The conclusion reached in the IRIS Toxicological Review of Thallium and Compounds (USEPA 2009a) was that the available toxicity database for thallium contains studies that are generally of poor quality…However, Appendix A of this document contains Screening Values (screening subchronic and chronic p-RfD) that may be useful in certain instances.

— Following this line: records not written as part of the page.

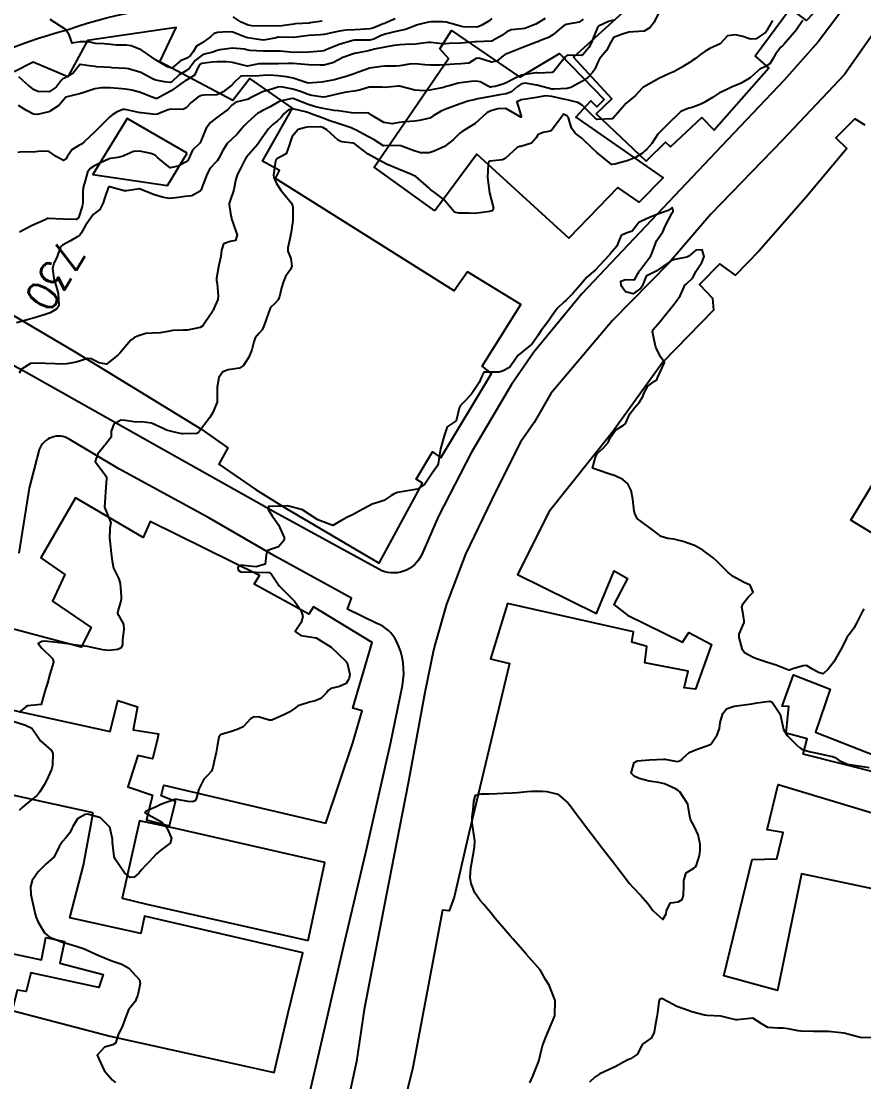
# Model space of a CAD drawing. Header units: metres. Extents: x 318500 to 325275, y 7408834 to 7428799.
# Drawn here: x 323290.4 to 323401, y 7419351.2 to 7419490.6 of the extents above; entities that cross this region are included whole.
import ezdxf
from ezdxf.enums import TextEntityAlignment as Align

# ---------------------------------------------------------------- set-up
doc = ezdxf.new("R2010")
doc.units = ezdxf.units.M
doc.header["$MEASUREMENT"] = 0
for name, color, linetype in [('Cotas', 45, 'Continuous'), ('Curvas de Nivel 1m', 11, 'Continuous'), ('Curvas de Nivel 5m', 15, 'Continuous'), ('Edificações', 30, 'Continuous'), ('Vias Primárias', 230, 'Continuous')]:
    doc.layers.add(name, color=color, linetype=linetype)
doc.styles.add('Style-STANDARD', font='STANDARD.shx')

msp = doc.modelspace()

# ---------------------------------------------------------------- linework, layer by layer
at = {"layer": 'Curvas de Nivel 1m', "flags": 128}
for points, elevation in [([(323364.2, 7419490.81), (323363.64, 7419490.41), (323362.19, 7419490.17), (323361.95, 7419490.11), (323361.58, 7419489.88), (323360.18, 7419488.74), (323359.65, 7419488.43), (323358.35, 7419487.92), (323358.22, 7419487.86), (323358.16, 7419487.84), (323358.05, 7419487.81), (323356.15, 7419487.07), (323354.62, 7419486.45), (323354.14, 7419486.26), (323353.95, 7419486.17), (323353.66, 7419485.98), (323352.84, 7419485.28), (323352.13, 7419485.18), (323350.48, 7419485.68), (323350.13, 7419485.66), (323349.15, 7419485.02), (323348.12, 7419484.96), (323347.28, 7419484.91), (323346.12, 7419484.81), (323345.42, 7419484.79), (323344.12, 7419484.79), (323343.41, 7419484.83), (323342.12, 7419484.94), (323341.36, 7419484.91), (323340.12, 7419484.69), (323339.64, 7419484.65), (323338.12, 7419484.64), (323337.69, 7419484.62), (323336.11, 7419484.39), (323335.98, 7419484.35), (323335.67, 7419484.22), (323334.55, 7419483.79), (323334.1, 7419483.64), (323333.06, 7419483.3), (323332.09, 7419483.01), (323331.51, 7419482.86), (323330.08, 7419482.58), (323329.84, 7419482.55), (323328.08, 7419482.42), (323327.96, 7419482.45), (323326.09, 7419483.07), (323325.21, 7419483.24), (323324.1, 7419483.38), (323323.03, 7419483.45), (323322.1, 7419483.41), (323321.17, 7419483.34), (323320.09, 7419483.38), (323319.22, 7419483.31), (323318.32, 7419482.45), (323318.22, 7419482.31), (323318.08, 7419482.2), (323316.89, 7419481.29), (323316.06, 7419480.86), (323314.41, 7419480.85), (323314.06, 7419480.81), (323313.86, 7419480.71), (323313.55, 7419480.52), (323312.69, 7419479.89), (323312.04, 7419479.16), (323311.61, 7419478.97), (323310.04, 7419478.99), (323309.7, 7419478.9), (323308.9, 7419478.58), (323308.29, 7419478.32), (323308.03, 7419478.31), (323306.13, 7419478.51), (323306.03, 7419478.52), (323305.61, 7419478.62), (323304.03, 7419478.94), (323303.74, 7419478.94), (323303, 7419478.66), (323302.4, 7419478.29), (323302.02, 7419477.98), (323301.35, 7419477.34), (323300.69, 7419476.68), (323300.35, 7419476.33), (323299.99, 7419475.97), (323298.67, 7419474.71), (323298.29, 7419474.4), (323297.97, 7419474.23), (323297.03, 7419473.67), (323296.43, 7419472.74), (323296.25, 7419472.44), (323295.94, 7419472.23), (323294.96, 7419472.76), (323293.96, 7419473.47), (323292.6, 7419473.43), (323291.96, 7419473.33), (323290.53, 7419473.4), (323289.96, 7419473.3)], 732), ([(323359.2, 7419490.91), (323358.2, 7419490.31), (323357.95, 7419490.17), (323357.39, 7419489.93), (323356.52, 7419489.61), (323356.18, 7419489.55), (323354.75, 7419489.41), (323354.18, 7419489.17), (323353.49, 7419488.67), (323352.32, 7419488), (323352.21, 7419487.95), (323352.16, 7419487.93), (323352.09, 7419487.93), (323350.16, 7419487.84), (323349.94, 7419487.82), (323348.16, 7419487.67), (323346.6, 7419487.63), (323346.16, 7419487.6), (323345.65, 7419487.58), (323344.16, 7419487.75), (323343.78, 7419487.74), (323342.15, 7419487.54), (323340.83, 7419487.48), (323340.15, 7419487.45), (323339.31, 7419487.34), (323338.15, 7419487.13), (323336.8, 7419486.86), (323336.14, 7419486.69), (323335.76, 7419486.61), (323334.14, 7419486.31), (323333.89, 7419486.24), (323332.61, 7419485.79), (323332.13, 7419485.52), (323331.32, 7419485.08), (323330.12, 7419484.78), (323329.65, 7419484.77), (323328.12, 7419484.84), (323327.58, 7419484.87), (323326.12, 7419484.99), (323325.47, 7419485.01), (323324.12, 7419484.97), (323323.54, 7419484.96), (323322.12, 7419484.97), (323321.59, 7419484.93), (323320.11, 7419484.66), (323319.87, 7419484.68), (323318.12, 7419485.11), (323317.39, 7419485.2), (323316.12, 7419485.2), (323315.45, 7419485.16), (323314.12, 7419484.99), (323313.81, 7419484.82), (323313.63, 7419484.51), (323313.14, 7419483.47), (323312.08, 7419482.81), (323311.9, 7419482.72), (323311.67, 7419482.54), (323310.07, 7419481.42), (323308.53, 7419480.58), (323308.23, 7419480.41), (323308.06, 7419480.39), (323307.44, 7419480.6), (323306.07, 7419481.17), (323304.93, 7419481.48), (323304.07, 7419481.62), (323303.12, 7419481.71), (323302.07, 7419481.78), (323300.94, 7419481.81), (323300.07, 7419481.66), (323298.49, 7419481.14), (323298.06, 7419481.02), (323296.95, 7419480.74), (323296.25, 7419480.56), (323296.05, 7419480.37), (323295.31, 7419479.49), (323294.23, 7419478.77), (323294.1, 7419478.7), (323294.03, 7419478.66), (323292.52, 7419478.29), (323292.02, 7419478.33), (323291.1, 7419478.81), (323290.04, 7419479.49)], 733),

5.2.1.1 Option – Review the Risk Characterization to Obtain Uncertainty Information for Chemicals Having the Most Influence on the Risk Estimates

The uncertainty information for the toxicity assessment can be obtained from the last step of the risk assessment (see Chapter 7), which should include the risk estimates for the site and a discussion of the overall uncertainties associated with the risk estimates. In addition, if risk estimates exceed agency-acceptable levels, a discussion of the uncertainties in the toxicity values for the risk-driving chemicals should also be presented in the risk characterizationThe risk characterization integrates information from the preceding components of the risk assessment and synthesizes an overall conclusion about risk that is complete, informative and useful for decision makers (USEPA 2000c).. Section 8.4.2 of USEPA's 1989 guidance (USEPA 1989a) presents the recommended types of uncertainty information to be included in the risk characterization section. Page 8-24 of the USEPA guidance (USEPA 1989a) provides a checklist of the uncertainties that apply to most toxicity assessments.

5.2.1.2 Option – Review Uncertainty Information in the Toxicity Assessment Section of the Risk Assessment

The uncertainty information for the toxicity assessment can be obtained from the toxicity assessment section of the risk assessment, which should cross-reference the specific tables containing the toxicity values for the chemicals evaluated in the risk assessment, including the weight-of-evidence classification for carcinogens and the uncertainty factors for noncarcinogenic toxicity values. When using this information, focus on the chemicals (and toxicity values, cancer classifications, and uncertainty factors) having the most influence on the risk estimates.

5.2.1.3 Option – Consult a Risk Assessor or Toxicologist

If the risk characterization and the toxicity assessment sections do not include uncertainty information associated with the toxicity of chemicals having the most influence on the risk estimates, or if it is unclear where the uncertainty information is, consult with a risk assessor or toxicologist.